Any help would greatly be appreciated,
Thanks guys


----------



## ROE (24 November 2011)

*Re: Buy option to avoid a Margin Call*



nerdzkilla said:


> Hi,
> 
> This is my first ever post on this website.I must say I have learnt alot from this website. I’d like to thank all members for such valuable input to the website and also the aussiestockforum team for such outstanding service.
> 
> ...




I don't think you can .... with margin call you got 24 hours or less to come up with the cash .... you can exercise your options but that takes T+3 days to settle...or you can sell your put back to the market T+1 but that may not be enough or even with T+1 it may be too late...

unless you can predict the future and exercise your put a few days in advance


----------



## notting (24 November 2011)

*Re: Buy option to avoid a Margin Call*

Take the margine call, sell the put, buy tls back with the cash from the put. Pray there is no super fist broadband bribe imposed on the public in between time. That's the best I can do!


----------



## skyQuake (24 November 2011)

*Re: Buy option to avoid a Margin Call*

If you're worried about a margin call, the put won't really help you. Esp since you'll be exercising early. 

Dump some stock so u can sleep at night.


----------



## cutz (24 November 2011)

nerdzkilla said:


> Can I Buy a put option to avoid a Margin Call using a commsec margin loan account?




No you can't, the only option position allowed on your Comsec margin loan account is a covered call, of course this won't help avoid margin call during a meltdown.

BTW, long calls as a stand alone strategy will have similar outcome without the margin worries.


----------



## drsmith (25 November 2011)

nerdzkilla said:


> Hi,
> I buy $10,000 worth TLS shares using my margin loan account. Say 50 shares.
> I also buy a put option that expires in a years time and is ATM.



Margin lenders used to do this as a single product where the cost of the put option was reflected in the loan interest rate. The particular product I'm thinking of was BT Secure Equities from BT Margin Lending. 

This though was in the 90's and it may no longer be viable for margin lenders to offer such a product given changes to tax treatment of the put option component and current market volatility.


----------



## nerdzkilla (25 November 2011)

Thanks everyone for all your help.

I am interested in receiving the dividends on TLS. I’d like to use the cash in my margin loan account to receive extra dividends.
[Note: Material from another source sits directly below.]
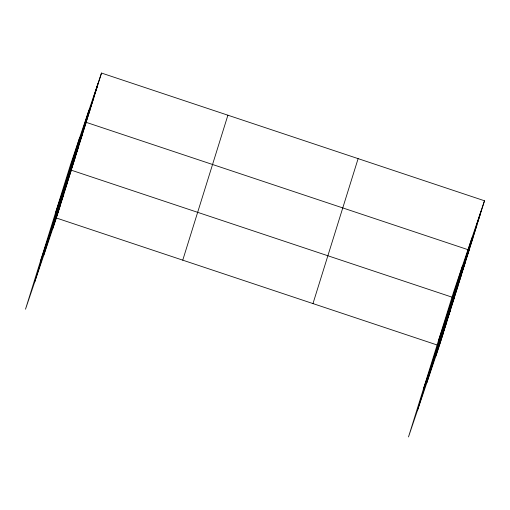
<?xml version="1.0" encoding="UTF-8"?>
<svg xmlns="http://www.w3.org/2000/svg" width="510" height="510" viewBox="0 0 510 510"><rect width="100%" height="100%" fill="white"/><g stroke="black" fill="none" stroke-linecap="round" stroke-linejoin="round"><path stroke-width="0.76" d="M34.521 282.572L79.656 137.617M43.809 255.121L88.95 110.166M52.83 228.474L97.971 83.519M101.509 73.051L70.641 164.265L25.5 309.219L56.374 218.012L101.509 73.051L484.5 200.781L439.359 345.735L408.491 436.949L453.626 291.988L484.5 200.781M182.758 260.157L227.9 115.203M312.974 303.59L358.116 158.629M417.505 410.301L462.647 265.347M426.8 382.851L471.941 237.889M435.82 356.203L480.956 211.242M94.133 95.842L97.678 85.374M90.295 108.158L93.84 97.697M86.458 120.481L90.002 110.02M55.29 213.55L86.164 122.336L469.155 250.066L438.281 341.273M78.897 144.763L82.441 134.296M75.174 156.723L78.718 146.255M71.451 168.683L74.995 158.215M40.398 261.381L71.266 170.174L452 297.151M64.005 192.601L67.543 182.134M60.276 204.561L63.82 194.093M56.553 216.514L60.097 206.053M477.118 223.565L480.662 213.103M473.286 235.888L476.825 225.42M469.449 248.211L472.987 237.743M461.888 272.487L465.426 262.025M458.165 284.446L461.703 273.985M454.435 296.406L457.98 285.944M423.383 389.111L454.257 297.904M446.989 320.325L450.534 309.863M443.267 332.284L446.811 321.816M439.543 344.244L443.088 333.776M56.374 218.012L437.102 344.983"/></g></svg>

But in doing so, I would like to protect myself from big losses.

To further explain myself please see below:

Say I buy 100 shares now each worth $3.15 and also buy a put which is an ATM and expires in a year’s time.

Sometime in march the share price falls down to $2.50 and I receive a margin call.
 I take the margin call and let commsec sell my shares to recover their money, 
I sell my option and recover most of my losses.

I would not be comfortable taking a loss of over 5% of my total investment

Does the above sound like a good plan?


----------



## drsmith (25 November 2011)

nerdzkilla said:


> Does the above sound like a good plan?



Buying put options as a risk minimisation strategy is going to cost money and on the long run, will significantly eat into your returns.

If you are concerned about the risk of forced sell due to margin call, there are two alternatives without the cost of the put options. 

1) Don't gear the margin loan anywhere near the maximum gearing level. This reduces the risk of margin call, but obviously, does not eliminate it.

Also, manage the loan. Pay the interest when it coes due each month and use spare cashflow to minimise the loan balance and hence interest.

2) If you have property, borrow against that. Loan interest will typically be less than for margin lending and there's no risk of margin call regardless of share price. 

Neither of the above of course offer no protection against a falling share price.

With regard to having all one's eggs all in one basket (Telstra shares for example), someone else can wave the big stick over lack of diversification risk.


----------



## silence (25 November 2011)

This isn't advice, but if you're specifically looking at TLS, well just look at the likelihood of dividend consistency in the near future (very good), and as such, the risk of the price falling. Quite low imo. As it is, the yield is 8-9%, and a falling price would make this closer to 10% or more - a point at which a lot of people would top up their holdings. I'd love it to fall to about $3 so I could pour a lot of money into it but it's pretty steady where it is now.

Of course there could be some bad news or a deal falling through which means future dividends look shaky, but it's telstra, its one of the most stable blue chips.

Options aren't really worth the cost, especially the time value for one with a year expiry.
The last traded price for a Dec 12 $3.10 call is 21.5c which is about 6.8% of the share price. Add your loan interest of 9.4% (?) and that dividend isn't going to help you very much.



All opinion, and I don't currently hold but have in the past.


----------